▸ Data provided

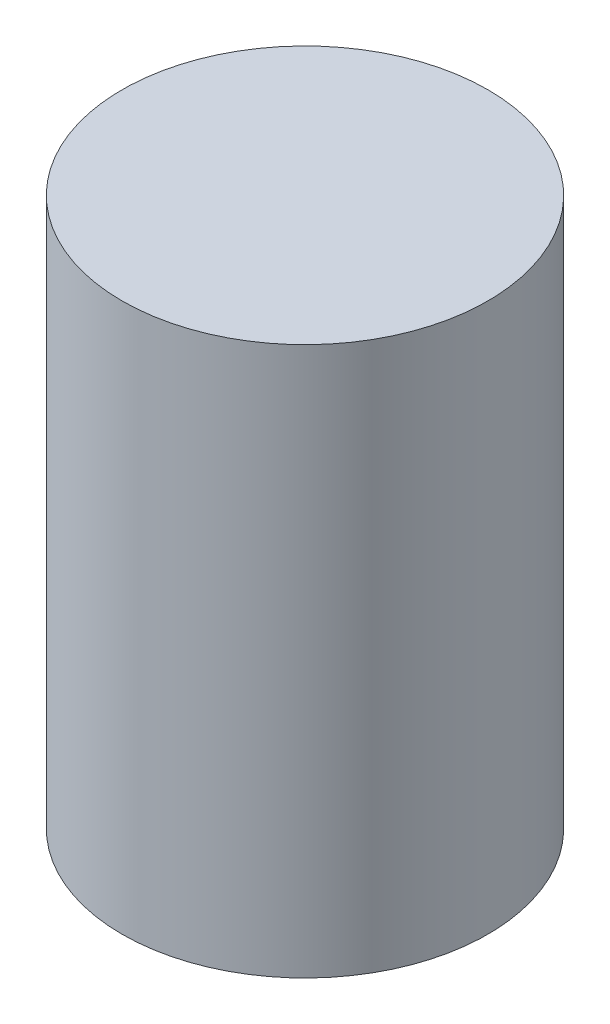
ISO-10303-21;
HEADER;
FILE_DESCRIPTION(('STEP AP214'),'2;1');
FILE_NAME('part.step','',(''),(''),'','','');
FILE_SCHEMA(('AUTOMOTIVE_DESIGN { 1 0 10303 214 1 1 1 1 }'));
ENDSEC;
DATA;
#1=APPLICATION_CONTEXT('core data for automotive mechanical design processes');
#2=APPLICATION_PROTOCOL_DEFINITION('international standard','automotive_design',2000,#1);
#3=PRODUCT_CONTEXT('',#1,'mechanical');
#4=PRODUCT('Part','Part','',(#3));
#5=PRODUCT_RELATED_PRODUCT_CATEGORY('part','',(#4));
#6=PRODUCT_DEFINITION_FORMATION('','',#4);
#7=PRODUCT_DEFINITION_CONTEXT('part definition',#1,'design');
#8=PRODUCT_DEFINITION('design','',#6,#7);
#9=PRODUCT_DEFINITION_SHAPE('','',#8);
#10=(LENGTH_UNIT() NAMED_UNIT(*) SI_UNIT(.MILLI.,.METRE.));
#11=(NAMED_UNIT(*) PLANE_ANGLE_UNIT() SI_UNIT($,.RADIAN.));
#12=(NAMED_UNIT(*) SI_UNIT($,.STERADIAN.) SOLID_ANGLE_UNIT());
#13=UNCERTAINTY_MEASURE_WITH_UNIT(LENGTH_MEASURE(1.E-05),#10,'distance_accuracy_value','');
#14=(GEOMETRIC_REPRESENTATION_CONTEXT(3) GLOBAL_UNCERTAINTY_ASSIGNED_CONTEXT((#13)) GLOBAL_UNIT_ASSIGNED_CONTEXT((#10,
#11,#12)) REPRESENTATION_CONTEXT('',''));
#15=CARTESIAN_POINT('',(0.,0.,0.));
#16=DIRECTION('',(0.,0.,1.));
#17=DIRECTION('',(1.,0.,0.));
#18=AXIS2_PLACEMENT_3D('',#15,#16,#17);
#19=CARTESIAN_POINT('',(0.,152.4,0.));
#20=DIRECTION('',(0.,-1.,0.));
#21=DIRECTION('',(0.,0.,-1.));
#22=AXIS2_PLACEMENT_3D('',#19,#20,#21);
#23=CYLINDRICAL_SURFACE('',#22,50.8240390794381);
#24=CARTESIAN_POINT('',(0.,152.4,0.));
#25=DIRECTION('',(0.,1.,0.));
#26=DIRECTION('',(0.,0.,1.));
#27=AXIS2_PLACEMENT_3D('',#24,#25,#26);
#28=CIRCLE('',#27,50.8240390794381);
#29=CARTESIAN_POINT('',(0.,152.4,-50.8240390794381));
#30=VERTEX_POINT('',#29);
#31=EDGE_CURVE('E10',#30,#30,#28,.T.);
#32=CARTESIAN_POINT('',(0.,0.,0.));
#33=DIRECTION('',(0.,1.,0.));
#34=DIRECTION('',(0.,0.,1.));
#35=AXIS2_PLACEMENT_3D('',#32,#33,#34);
#36=CIRCLE('',#35,50.8240390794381);
#37=CARTESIAN_POINT('',(0.,0.,-50.8240390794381));
#38=VERTEX_POINT('',#37);
#39=EDGE_CURVE('E32',#38,#38,#36,.T.);
#40=CARTESIAN_POINT('',(0.,152.4,-50.8240390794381));
#41=CARTESIAN_POINT('',(0.,150.8125,-50.8240390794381));
#42=CARTESIAN_POINT('',(0.,149.225,-50.8240390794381));
#43=CARTESIAN_POINT('',(0.,146.05,-50.8240390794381));
#44=CARTESIAN_POINT('',(0.,144.4625,-50.8240390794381));
#45=CARTESIAN_POINT('',(0.,141.2875,-50.8240390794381));
#46=CARTESIAN_POINT('',(0.,139.7,-50.8240390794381));
#47=CARTESIAN_POINT('',(0.,136.525,-50.8240390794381));
#48=CARTESIAN_POINT('',(0.,134.9375,-50.8240390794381));
#49=CARTESIAN_POINT('',(0.,131.7625,-50.8240390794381));
#50=CARTESIAN_POINT('',(0.,130.175,-50.8240390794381));
#51=CARTESIAN_POINT('',(0.,127.,-50.8240390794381));
#52=CARTESIAN_POINT('',(0.,125.4125,-50.8240390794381));
#53=CARTESIAN_POINT('',(0.,122.2375,-50.8240390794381));
#54=CARTESIAN_POINT('',(0.,120.65,-50.8240390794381));
#55=CARTESIAN_POINT('',(0.,117.475,-50.8240390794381));
#56=CARTESIAN_POINT('',(0.,115.8875,-50.8240390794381));
#57=CARTESIAN_POINT('',(0.,112.7125,-50.8240390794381));
#58=CARTESIAN_POINT('',(0.,111.125,-50.8240390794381));
#59=CARTESIAN_POINT('',(0.,107.95,-50.8240390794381));
#60=CARTESIAN_POINT('',(0.,106.3625,-50.8240390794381));
#61=CARTESIAN_POINT('',(0.,103.1875,-50.8240390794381));
#62=CARTESIAN_POINT('',(0.,101.6,-50.8240390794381));
#63=CARTESIAN_POINT('',(0.,98.425,-50.8240390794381));
#64=CARTESIAN_POINT('',(0.,96.8375,-50.8240390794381));
#65=CARTESIAN_POINT('',(0.,93.6625,-50.8240390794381));
#66=CARTESIAN_POINT('',(0.,92.075,-50.8240390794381));
#67=CARTESIAN_POINT('',(0.,88.9,-50.8240390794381));
#68=CARTESIAN_POINT('',(0.,87.3125,-50.8240390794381));
#69=CARTESIAN_POINT('',(0.,84.1375,-50.8240390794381));
#70=CARTESIAN_POINT('',(0.,82.55,-50.8240390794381));
#71=CARTESIAN_POINT('',(0.,79.375,-50.8240390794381));
#72=CARTESIAN_POINT('',(0.,77.7875,-50.8240390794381));
#73=CARTESIAN_POINT('',(0.,74.6125,-50.8240390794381));
#74=CARTESIAN_POINT('',(0.,73.025,-50.8240390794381));
#75=CARTESIAN_POINT('',(0.,69.85,-50.8240390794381));
#76=CARTESIAN_POINT('',(0.,68.2625,-50.8240390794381));
#77=CARTESIAN_POINT('',(0.,65.0875,-50.8240390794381));
#78=CARTESIAN_POINT('',(0.,63.5,-50.8240390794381));
#79=CARTESIAN_POINT('',(0.,60.325,-50.8240390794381));
#80=CARTESIAN_POINT('',(0.,58.7375,-50.8240390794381));
#81=CARTESIAN_POINT('',(0.,55.5625,-50.8240390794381));
#82=CARTESIAN_POINT('',(0.,53.975,-50.8240390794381));
#83=CARTESIAN_POINT('',(0.,50.8,-50.8240390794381));
#84=CARTESIAN_POINT('',(0.,49.2125,-50.8240390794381));
#85=CARTESIAN_POINT('',(0.,46.0375,-50.8240390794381));
#86=CARTESIAN_POINT('',(0.,44.45,-50.8240390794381));
#87=CARTESIAN_POINT('',(0.,41.275,-50.8240390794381));
#88=CARTESIAN_POINT('',(0.,39.6875,-50.8240390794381));
#89=CARTESIAN_POINT('',(0.,36.5125,-50.8240390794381));
#90=CARTESIAN_POINT('',(0.,34.925,-50.8240390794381));
#91=CARTESIAN_POINT('',(0.,31.75,-50.8240390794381));
#92=CARTESIAN_POINT('',(0.,30.1625,-50.8240390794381));
#93=CARTESIAN_POINT('',(0.,26.9875,-50.8240390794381));
#94=CARTESIAN_POINT('',(0.,25.4,-50.8240390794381));
#95=CARTESIAN_POINT('',(0.,22.225,-50.8240390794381));
#96=CARTESIAN_POINT('',(0.,20.6375,-50.8240390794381));
#97=CARTESIAN_POINT('',(0.,17.4625,-50.8240390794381));
#98=CARTESIAN_POINT('',(0.,15.875,-50.8240390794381));
#99=CARTESIAN_POINT('',(0.,12.7,-50.8240390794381));
#100=CARTESIAN_POINT('',(0.,11.1125,-50.8240390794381));
#101=CARTESIAN_POINT('',(0.,7.93750000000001,-50.8240390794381));
#102=CARTESIAN_POINT('',(0.,6.35,-50.8240390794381));
#103=CARTESIAN_POINT('',(0.,3.175,-50.8240390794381));
#104=CARTESIAN_POINT('',(0.,1.5875,-50.8240390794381));
#105=CARTESIAN_POINT('',(0.,0.,-50.8240390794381));
#106=B_SPLINE_CURVE_WITH_KNOTS('',3,(#40,#41,#42,#43,#44,#45,#46,#47,#48,#49,#50,#51,#52,#53,
#54,#55,#56,#57,#58,#59,#60,#61,#62,#63,#64,#65,#66,#67,#68,#69,#70,#71,#72,#73,#74,#75,#76,#77,
#78,#79,#80,#81,#82,#83,#84,#85,#86,#87,#88,#89,#90,#91,#92,#93,#94,#95,#96,#97,#98,#99,#100,
#101,#102,#103,#104,#105),.UNSPECIFIED.,.F.,.F.,(4,2,2,2,2,2,2,2,2,2,2,2,2,2,2,2,2,2,2,2,2,2,2,
2,2,2,2,2,2,2,2,2,4),(0.,4.76249999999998,9.52499999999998,14.2875,19.05,23.8125,28.575,33.3375,
38.1,42.8625,47.625,52.3875,57.15,61.9125,66.675,71.4375,76.2,80.9625,85.725,90.4875,95.25,
100.0125,104.775,109.5375,114.3,119.0625,123.825,128.5875,133.35,138.1125,142.875,147.6375,
152.4),.UNSPECIFIED.);
#107=EDGE_CURVE('BSEAM29',#30,#38,#106,.T.);
#108=ORIENTED_EDGE('',*,*,#31,.F.);
#109=ORIENTED_EDGE('',*,*,#39,.T.);
#110=ORIENTED_EDGE('',*,*,#107,.T.);
#111=ORIENTED_EDGE('',*,*,#107,.F.);
#112=EDGE_LOOP('',(#108,#110,#109,#111));
#113=FACE_BOUND('',#112,.T.);
#114=ADVANCED_FACE('F29',(#113),#23,.T.);
#115=CARTESIAN_POINT('',(0.,152.4,0.));
#116=DIRECTION('',(0.,1.,0.));
#117=DIRECTION('',(0.,0.,1.));
#118=AXIS2_PLACEMENT_3D('',#115,#116,#117);
#119=PLANE('',#118);
#120=ORIENTED_EDGE('',*,*,#31,.T.);
#121=EDGE_LOOP('',(#120));
#122=FACE_BOUND('',#121,.T.);
#123=ADVANCED_FACE('F44',(#122),#119,.T.);
#124=CARTESIAN_POINT('',(0.,0.,0.));
#125=DIRECTION('',(0.,1.,0.));
#126=DIRECTION('',(0.,0.,1.));
#127=AXIS2_PLACEMENT_3D('',#124,#125,#126);
#128=PLANE('',#127);
#129=ORIENTED_EDGE('',*,*,#39,.F.);
#130=EDGE_LOOP('',(#129));
#131=FACE_BOUND('',#130,.T.);
#132=ADVANCED_FACE('F42',(#131),#128,.F.);
#133=CLOSED_SHELL('',(#114,#123,#132));
#134=MANIFOLD_SOLID_BREP('B2',#133);
#135=ADVANCED_BREP_SHAPE_REPRESENTATION('',(#18,#134),#14);
#136=SHAPE_DEFINITION_REPRESENTATION(#9,#135);
ENDSEC;
END-ISO-10303-21;

▸ Goal of the exercise
In your answer, include only the lines above starting at the line that holds "#56=CARTESIAN_POINT('',(0.,115.8875,-50.8240390794381));" and ending at the line that holds "#85=CARTESIAN_POINT('',(0.,46.0375,-50.8240390794381));", copied exactly.

▸ Result for this exercise
#56=CARTESIAN_POINT('',(0.,115.8875,-50.8240390794381));
#57=CARTESIAN_POINT('',(0.,112.7125,-50.8240390794381));
#58=CARTESIAN_POINT('',(0.,111.125,-50.8240390794381));
#59=CARTESIAN_POINT('',(0.,107.95,-50.8240390794381));
#60=CARTESIAN_POINT('',(0.,106.3625,-50.8240390794381));
#61=CARTESIAN_POINT('',(0.,103.1875,-50.8240390794381));
#62=CARTESIAN_POINT('',(0.,101.6,-50.8240390794381));
#63=CARTESIAN_POINT('',(0.,98.425,-50.8240390794381));
#64=CARTESIAN_POINT('',(0.,96.8375,-50.8240390794381));
#65=CARTESIAN_POINT('',(0.,93.6625,-50.8240390794381));
#66=CARTESIAN_POINT('',(0.,92.075,-50.8240390794381));
#67=CARTESIAN_POINT('',(0.,88.9,-50.8240390794381));
#68=CARTESIAN_POINT('',(0.,87.3125,-50.8240390794381));
#69=CARTESIAN_POINT('',(0.,84.1375,-50.8240390794381));
#70=CARTESIAN_POINT('',(0.,82.55,-50.8240390794381));
#71=CARTESIAN_POINT('',(0.,79.375,-50.8240390794381));
#72=CARTESIAN_POINT('',(0.,77.7875,-50.8240390794381));
#73=CARTESIAN_POINT('',(0.,74.6125,-50.8240390794381));
#74=CARTESIAN_POINT('',(0.,73.025,-50.8240390794381));
#75=CARTESIAN_POINT('',(0.,69.85,-50.8240390794381));
#76=CARTESIAN_POINT('',(0.,68.2625,-50.8240390794381));
#77=CARTESIAN_POINT('',(0.,65.0875,-50.8240390794381));
#78=CARTESIAN_POINT('',(0.,63.5,-50.8240390794381));
#79=CARTESIAN_POINT('',(0.,60.325,-50.8240390794381));
#80=CARTESIAN_POINT('',(0.,58.7375,-50.8240390794381));
#81=CARTESIAN_POINT('',(0.,55.5625,-50.8240390794381));
#82=CARTESIAN_POINT('',(0.,53.975,-50.8240390794381));
#83=CARTESIAN_POINT('',(0.,50.8,-50.8240390794381));
#84=CARTESIAN_POINT('',(0.,49.2125,-50.8240390794381));
#85=CARTESIAN_POINT('',(0.,46.0375,-50.8240390794381));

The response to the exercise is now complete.